La resaca de los fastos del 40 aniversario de la Constitución bien nos puede servir para valorar la importancia de la Carta Magna y el avance que supuso en términos de cambio histórico: lo que nos ha aportado desde entonces, con sus luces y sus sombras, y esas reformas que cada vez se hacen más necesarias siempre que existan los artífices competentes y el consenso necesario para las mismas. Parte de la clave del éxito de entonces, es que la política tenía sentido de Estado, escuchaba a la sociedad y estaba a su servicio, frente a la clara desafección de hoy, que sitúa a los partidos políticos en la segunda preocupación de los españoles según las encuestas del CIS, aupando a los populismos y al voto protesta antes que el de la ilusión.

Pero sobre todo, me gustaría también valorar cómo éramos entonces, y cómo hemos cambiado a grandes rasgos. Eramos maestros de la ironía en una sociedad de silencios y tutelas; catedráticos del esfuerzo y del ahorro, y aprendices de casi todo ante un mundo que llamaba a nuestras puertas sin complejos. Sociológicamente había menos mayores, pero más integrados. Más hijos y menos rupturas matrimoniales, entre otras cosas porque el adulterio era delito y el divorcio no llegaría hasta la reforma Fernández Ordóñez del año 1981. En desarrollo económico y bienes materiales hemos progresado muchísimo, y nadie cambiaría su coche de hoy por el Ford Fiesta o el Simca 1200 de entonces. Ni su smartphone por la cabina de la esquina.

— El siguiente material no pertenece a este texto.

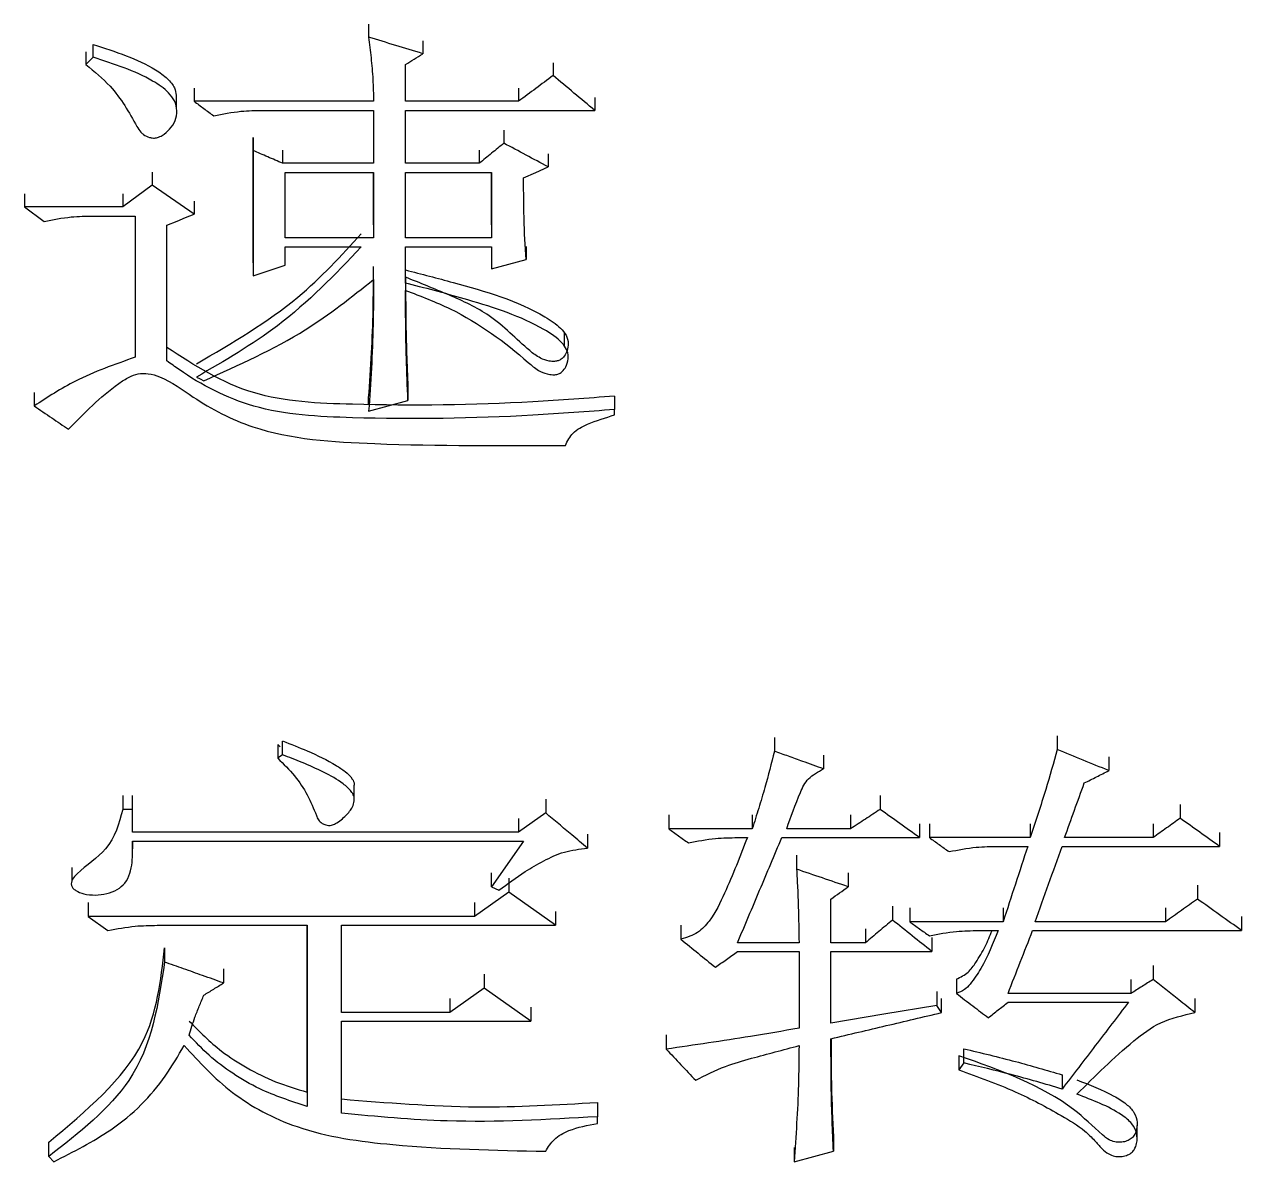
# Model space of a CAD drawing. Header units: millimetres. Extents: x 2126 to 3741, y 477 to 1658.
# Drawn here: x 2355.44 to 2360.8, y 841.06 to 846.06 of the extents above; entities that cross this region are included whole.
import ezdxf

# ---------------------------------------------------------------- set-up
doc = ezdxf.new("R2010")
doc.units = ezdxf.units.MM

msp = doc.modelspace()

# ---------------------------------------------------------------- linework, layer by layer
at = {"color": 7, "linetype": 'Continuous', "lineweight": 25}
for p, q in [((2356.959, 846.065), (2356.959, 846.0085)), ((2355.7475, 845.9198), (2355.7475, 845.9764)), ((2357.197, 845.9925), (2357.197, 845.9359)), ((2355.715, 845.9444), (2355.715, 845.8876)), ((2355.7475, 845.9198), (2355.715, 845.8876)), ((2357.1213, 845.7266), (2357.1213, 845.8876)), ((2357.7703, 845.896), (2357.7703, 845.8393)), ((2356.191, 845.7834), (2356.191, 845.7266)), ((2356.1143, 845.6961), (2356.1143, 845.7533)), ((2356.9807, 845.7266), (2356.191, 845.7266)), ((2357.6189, 845.7266), (2357.1213, 845.7266)), ((2357.9542, 845.7433), (2357.9542, 845.6864)), ((2356.4939, 845.6864), (2356.9807, 845.6864)), ((2356.9807, 845.6864), (2356.9807, 845.4536)), ((2357.1213, 845.6864), (2357.9542, 845.6864)), ((2357.1213, 845.4536), (2357.1213, 845.6864)), ((2357.554, 845.5989), (2357.554, 845.5419)), ((2356.4506, 845.016), (2356.4506, 845.5671)), ((2356.4506, 845.5668), (2356.4506, 845.5098)), ((2356.4506, 845.5098), (2356.4506, 844.958)), ((2356.9807, 845.5108), (2356.9807, 845.4536)), ((2357.4458, 845.5108), (2357.4458, 845.4536)), ((2357.7487, 845.4948), (2357.7487, 845.4376)), ((2356.9807, 845.4536), (2356.5804, 845.4536)), ((2357.4458, 845.4536), (2357.1213, 845.4536)), ((2356.0071, 845.4147), (2356.0071, 845.3575)), ((2356.5912, 845.4135), (2356.9807, 845.4135)), ((2356.5912, 845.1255), (2356.5912, 845.4135)), ((2356.9807, 845.4135), (2356.9807, 845.1255)), ((2356.9807, 845.1834), (2356.9807, 845.4135)), ((2357.1213, 845.4135), (2357.4999, 845.4135)), ((2357.1213, 845.1255), (2357.1213, 845.4135)), ((2357.4999, 845.4135), (2357.4999, 845.1255)), ((2357.4999, 845.1834), (2357.4999, 845.4135)), ((2356.0071, 845.3575), (2355.8773, 845.2614)), ((2356.191, 845.2294), (2356.0071, 845.3575)), ((2355.8773, 845.3188), (2355.8773, 845.2614)), ((2356.191, 845.2869), (2356.191, 845.2294)), ((2355.4446, 845.2614), (2355.5311, 845.1974)), ((2355.8773, 845.2614), (2355.4446, 845.2614)), ((2355.7475, 845.2214), (2355.9314, 845.2214)), ((2355.9314, 845.2214), (2355.9314, 844.5999)), ((2355.9314, 845.2214), (2355.9314, 844.6584)), ((2356.072, 844.5839), (2356.072, 845.1815)), ((2356.9807, 845.1831), (2356.9807, 845.1255)), ((2357.4999, 845.1831), (2357.4999, 845.1255)), ((2356.9807, 845.1255), (2356.5912, 845.1255)), ((2357.4999, 845.1255), (2357.1213, 845.1255)), ((2356.5912, 845.0856), (2356.9264, 845.0856)), ((2356.5912, 845.0058), (2356.5912, 845.0856)), ((2357.1213, 845.0856), (2357.4999, 845.0856)), ((2357.1213, 844.9261), (2357.1213, 845.0856)), ((2357.4999, 845.0856), (2357.4999, 844.9898)), ((2357.6513, 845.0874), (2357.6513, 845.0297)), ((2356.4506, 845.0157), (2356.4506, 844.958)), ((2357.4999, 845.0476), (2357.4999, 844.9898)), ((2357.8204, 844.6493), (2357.8203, 844.7079)), ((2355.9314, 844.6584), (2355.9314, 844.5999)), ((2355.4879, 844.4443), (2355.4879, 844.3858)), ((2356.959, 844.3939), (2356.959, 844.4205)), ((2357.1321, 844.468), (2357.1321, 844.4096)), ((2358.0408, 844.4285), (2358.0408, 844.37)), ((2358.0408, 844.3462), (2358.0408, 844.37)), ((2358.7439, 842.9269), (2358.7439, 842.8665)), ((2359.9879, 842.9346), (2359.9879, 842.8742)), ((2356.5696, 842.8851), (2356.5589, 842.8962)), ((2358.9604, 842.8492), (2358.9604, 842.7887)), ((2360.2151, 842.8415), (2360.2151, 842.781)), ((2356.8959, 842.6554), (2356.8959, 842.7165)), ((2355.8773, 842.671), (2355.8773, 842.6103)), ((2355.9206, 842.6103), (2355.9206, 842.671)), ((2357.7379, 842.6555), (2357.7379, 842.5948)), ((2359.209, 842.671), (2359.209, 842.6103)), ((2355.9206, 842.6103), (2355.8773, 842.6103)), ((2355.9206, 842.5096), (2355.9206, 842.6103)), ((2360.5288, 842.6323), (2360.5288, 842.5715)), ((2357.7379, 842.5948), (2357.6189, 842.5096)), ((2357.6189, 842.5704), (2357.6189, 842.5096)), ((2358.2788, 842.5859), (2358.2788, 842.5251)), ((2358.6465, 842.5859), (2358.6465, 842.5251)), ((2359.0792, 842.5859), (2359.0792, 842.5251)), ((2359.3821, 842.5473), (2359.3821, 842.4864)), ((2360.4098, 842.5473), (2360.4098, 842.4864)), ((2357.6189, 842.5096), (2355.9206, 842.5096)), ((2357.9218, 842.5009), (2357.9218, 842.4399)), ((2358.6465, 842.5251), (2358.2788, 842.5251)), ((2359.0792, 842.5251), (2358.798, 842.5251)), ((2360.7018, 842.5086), (2360.7018, 842.4477)), ((2355.9206, 842.4709), (2357.6405, 842.4709)), ((2355.9218, 842.4363), (2355.9218, 842.4709)), ((2357.6405, 842.4709), (2357.4999, 842.27)), ((2358.5816, 842.4864), (2358.6249, 842.4864)), ((2358.7764, 842.4864), (2359.3821, 842.4864)), ((2359.8689, 842.4864), (2359.4254, 842.4864)), ((2359.7283, 842.4477), (2359.8581, 842.4477)), ((2360.0095, 842.4477), (2360.7018, 842.4477)), ((2360.4098, 842.4864), (2360.0203, 842.4864)), ((2358.8413, 842.4083), (2358.8413, 842.3472)), ((2355.6529, 842.3547), (2355.6529, 842.2932)), ((2357.4999, 842.27), (2357.4999, 842.3312)), ((2359.0684, 842.3312), (2359.0684, 842.27)), ((2357.5756, 842.3081), (2357.5756, 842.2468)), ((2360.6045, 842.2773), (2360.6045, 842.216)), ((2357.5756, 842.2468), (2357.4242, 842.1389)), ((2357.4999, 842.27), (2357.5324, 842.2546)), ((2357.7812, 842.1004), (2357.5756, 842.2468)), ((2355.7259, 842.2003), (2355.7259, 842.1389)), ((2357.4242, 842.2003), (2357.4242, 842.1389)), ((2358.9927, 842.0234), (2358.9927, 842.216)), ((2359.2631, 842.1849), (2359.2631, 842.1235)), ((2359.3389, 842.1772), (2359.3389, 842.1158)), ((2359.7499, 842.1772), (2359.7499, 842.1158)), ((2360.4639, 842.1772), (2360.4639, 842.1158)), ((2355.7259, 842.1389), (2355.8124, 842.0773)), ((2357.4242, 842.1389), (2355.7259, 842.1389)), ((2357.7812, 842.1618), (2357.7812, 842.1004)), ((2360.7992, 842.1388), (2360.7992, 842.0773)), ((2356.0288, 842.1004), (2356.6886, 842.1004)), ((2356.6886, 842.1004), (2356.6886, 841.3038)), ((2356.6886, 841.3666), (2356.6886, 842.1004)), ((2356.8401, 842.1004), (2357.7812, 842.1004)), ((2356.8401, 841.7164), (2356.8401, 842.1004)), ((2358.3328, 842.1004), (2358.3328, 842.0389)), ((2359.1441, 842.085), (2359.1441, 842.0234)), ((2359.7499, 842.1158), (2359.3389, 842.1158)), ((2359.6417, 842.0773), (2359.7283, 842.0773)), ((2359.8797, 842.0773), (2360.7992, 842.0773)), ((2360.4639, 842.1158), (2359.8905, 842.1158)), ((2358.8521, 842.0234), (2358.5816, 842.0234)), ((2359.1441, 842.0234), (2358.9927, 842.0234)), ((2359.4362, 842.0466), (2359.4362, 841.985)), ((2356.0612, 842.0009), (2356.0612, 841.9389)), ((2358.5816, 841.985), (2358.8521, 841.985)), ((2358.8521, 841.985), (2358.8521, 841.6474)), ((2358.9927, 841.985), (2359.4362, 841.985)), ((2358.9927, 841.6704), (2358.9927, 841.985)), ((2356.3208, 841.9085), (2356.3208, 841.8467)), ((2360.4098, 841.9238), (2360.4098, 841.8621)), ((2357.4675, 841.8855), (2357.4675, 841.8237)), ((2359.5443, 841.8629), (2359.5443, 841.8007)), ((2360.3124, 841.8625), (2360.3124, 841.8007)), ((2357.4675, 841.8237), (2357.316, 841.7164)), ((2357.673, 841.6781), (2357.4675, 841.8237)), ((2359.4579, 841.8089), (2359.4579, 841.747)), ((2360.3124, 841.8007), (2359.7716, 841.8007)), ((2357.316, 841.7783), (2357.316, 841.7164)), ((2359.4795, 841.7164), (2359.4579, 841.747)), ((2359.4795, 841.7164), (2359.4795, 841.7783)), ((2359.7716, 841.7623), (2360.3016, 841.7623)), ((2360.5937, 841.7783), (2360.5937, 841.7163)), ((2357.316, 841.7164), (2356.8401, 841.7164)), ((2357.673, 841.7401), (2357.673, 841.6781)), ((2358.8521, 841.7095), (2358.8521, 841.6474)), ((2356.8401, 841.6781), (2357.673, 841.6781)), ((2356.8401, 841.2733), (2356.8401, 841.6781)), ((2358.2679, 841.6178), (2358.268, 841.5556)), ((2359.5768, 841.4945), (2359.5768, 841.5568)), ((2359.5768, 841.4945), (2359.5552, 841.4639)), ((2360.0095, 841.4424), (2360.0095, 841.38)), ((2356.6886, 841.3663), (2356.6886, 841.3038)), ((2357.9651, 841.3206), (2357.9651, 841.2581)), ((2357.9651, 841.2276), (2357.9651, 841.2581)), ((2360.3393, 841.1572), (2360.3393, 841.2202)), ((2359.0035, 841.169), (2359.0035, 841.1059)), ((2355.5528, 841.0832), (2355.5528, 841.1462)), ((2358.8305, 841.1232), (2358.8305, 841.0603)), ((2355.5528, 841.0832), (2355.5744, 841.0603))]:
    msp.add_line(p, q, dxfattribs=at)
at = {"color": 7, "linetype": 'Continuous', "lineweight": 25, "flags": 128}
for points in [[(2357.6189, 845.7834), (2357.6189, 845.7551), (2357.6189, 845.7266)], [(2356.5804, 845.5108), (2356.5804, 845.4967), (2356.5804, 845.4823), (2356.5804, 845.4536)], [(2357.6405, 845.3895), (2357.6946, 845.4136), (2357.7487, 845.4376)], [(2355.4446, 845.3188), (2355.4446, 845.3047), (2355.4446, 845.2902), (2355.4446, 845.2614)], [(2356.072, 845.1815), (2356.1168, 845.1995), (2356.1539, 845.2145), (2356.191, 845.2294)], [(2357.4999, 844.9898), (2357.5756, 845.0098), (2357.6513, 845.0297)], [(2356.4506, 844.958), (2356.5209, 844.9819), (2356.5912, 845.0058)], [(2356.2018, 844.5126), (2356.218, 844.5047), (2356.2342, 844.4968)], [(2356.959, 844.3621), (2357.0456, 844.3858), (2357.1321, 844.4096)], [(2356.5589, 842.8962), (2356.5589, 842.8749), (2356.5589, 842.8552), (2356.5589, 842.8354)], [(2356.5805, 842.8509), (2356.5805, 842.8722), (2356.5805, 842.892), (2356.5804, 842.9113)], [(2356.5805, 842.8509), (2356.574, 842.8463), (2356.5675, 842.8416), (2356.5589, 842.8354)], [(2359.4254, 842.5473), (2359.4254, 842.5322), (2359.4254, 842.5167), (2359.4254, 842.4864)], [(2359.8689, 842.5473), (2359.8689, 842.5302), (2359.8689, 842.5127), (2359.8689, 842.4864)], [(2359.4579, 841.747), (2359.2253, 841.7087), (2358.9927, 841.6704)], [(2359.5552, 841.5262), (2359.5552, 841.5109), (2359.5552, 841.4952), (2359.5552, 841.4796), (2359.5552, 841.4639)], [(2358.8305, 841.0603), (2358.917, 841.0831), (2359.0035, 841.1059)]]:
    msp.add_lwpolyline(points, dxfattribs=at)
at = {"color": 7, "linetype": 'Continuous', "lineweight": 25}
for points, knots in [([(2355.7475, 845.9766), (2355.7962, 845.9608), (2355.891, 845.9301), (2356.0033, 845.8803), (2356.0728, 845.8297), (2356.1066, 845.7906), (2356.1104, 845.764), (2356.1119, 845.7532)], [0, 0, 0, 0, 0.330623, 0.64442, 0.796409, 0.917248, 1, 1, 1, 1]), ([(2356.959, 846.0085), (2356.9627, 845.9783), (2356.9703, 845.9163), (2356.9785, 845.8224), (2356.98, 845.7585), (2356.9807, 845.7266)], [0, 0, 0, 0, 0.321619, 0.660532, 1, 1, 1, 1]), ([(2357.197, 845.9359), (2357.1573, 845.948), (2357.078, 845.9722), (2356.9987, 845.9964), (2356.959, 846.0085)], [0, 0, 0, 0, 0.499999, 1, 1, 1, 1]), ([(2355.715, 845.8876), (2355.7526, 845.857), (2355.8487, 845.779), (2355.9096, 845.6684), (2355.9524, 845.594), (2355.9717, 845.5776), (2355.9903, 845.5678), (2356.012, 845.5637), (2356.0322, 845.5664), (2356.0579, 845.5788), (2356.0861, 845.6037), (2356.111, 845.6405), (2356.1181, 845.6848), (2356.1082, 845.7281), (2356.0724, 845.775), (2355.9974, 845.8262), (2355.8835, 845.876), (2355.7931, 845.9051), (2355.7475, 845.9198)], [0, 0, 0, 0, 0.132576, 0.339199, 0.368942, 0.383766, 0.408891, 0.423884, 0.438973, 0.459319, 0.498147, 0.542368, 0.587069, 0.63299, 0.675109, 0.75468, 0.876186, 1, 1, 1, 1]), ([(2357.1213, 845.8876), (2357.1339, 845.8956), (2357.1591, 845.9117), (2357.1844, 845.9279), (2357.197, 845.9359)], [0, 0, 0, 0, 0.500001, 1, 1, 1, 1]), ([(2357.7703, 845.8393), (2357.7451, 845.8205), (2357.6946, 845.7829), (2357.6441, 845.7454), (2357.6189, 845.7266)], [0, 0, 0, 0, 0.499999, 1, 1, 1, 1]), ([(2357.9542, 845.6864), (2357.9236, 845.7119), (2357.8623, 845.7628), (2357.801, 845.8138), (2357.7703, 845.8393)], [0, 0, 0, 0, 0.5, 1, 1, 1, 1]), ([(2356.191, 845.7266), (2356.2054, 845.7159), (2356.2343, 845.6944), (2356.2631, 845.673), (2356.2775, 845.6623)], [0, 0, 0, 0, 0.4999996, 1, 1, 1, 1]), ([(2356.2775, 845.6623), (2356.3173, 845.6703), (2356.3884, 845.6846), (2356.4616, 845.6859), (2356.4939, 845.6864)], [0, 0, 0, 0, 0.5588348, 1, 1, 1, 1]), ([(2357.554, 845.5419), (2357.536, 845.5271), (2357.4999, 845.4977), (2357.4638, 845.4683), (2357.4458, 845.4536)], [0, 0, 0, 0, 0.499998, 1, 1, 1, 1]), ([(2357.7487, 845.4376), (2357.7162, 845.455), (2357.6513, 845.4897), (2357.5864, 845.5245), (2357.554, 845.5419)], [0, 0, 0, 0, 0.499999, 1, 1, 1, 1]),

La vida era más simple, en blanco y negro. Hoy la vida es más plural y más compleja. Y pese a la pluralidad, el pensamiento totalitario de todo signo se abre camino hoy entre extensos sectores de la población. Hemos pasado de la sociedad de la esperanza a la sociedad de la crispación. Antes la gente era más paciente, sería tal vez porque no había whatsapps, frente a la sociedad de la inmediatez y de lo instantáneo. Y, en general, también era más respetuosa, frente al insulto gratuito hoy de las redes sociales. Era más cooperativa y menos competitiva. Hoy nos aguantamos bastante poco, somos más intransigentes y más agresivos. Vivimos con los mayores niveles de ansiedad y depresiones de nuestra historia, y más suicidios que nunca. La globalización y la revolución digital han transformado no solo las relaciones económicas, también los modelos de sociedad y la escala de valores de la misma. Nos hemos cosificado de la mano del neoliberalismo desbocado. Y fue en aquél contexto, donde generamos una Constitución que nos ha servido para convivir cuatro décadas, pero que hoy sería impensable consensuar. Deberíamos de mirárnoslo todos, tanto si quienes tienen altas responsabilidades levantaran la mirada a más largo plazo, como si los ciudadanos fuésemos capaces de desechar toda la basura mediática y manipuladora que nos llega, y nos pusiéramos a discernir y exigir qué mundo queremos para el futuro de nuestros hijos.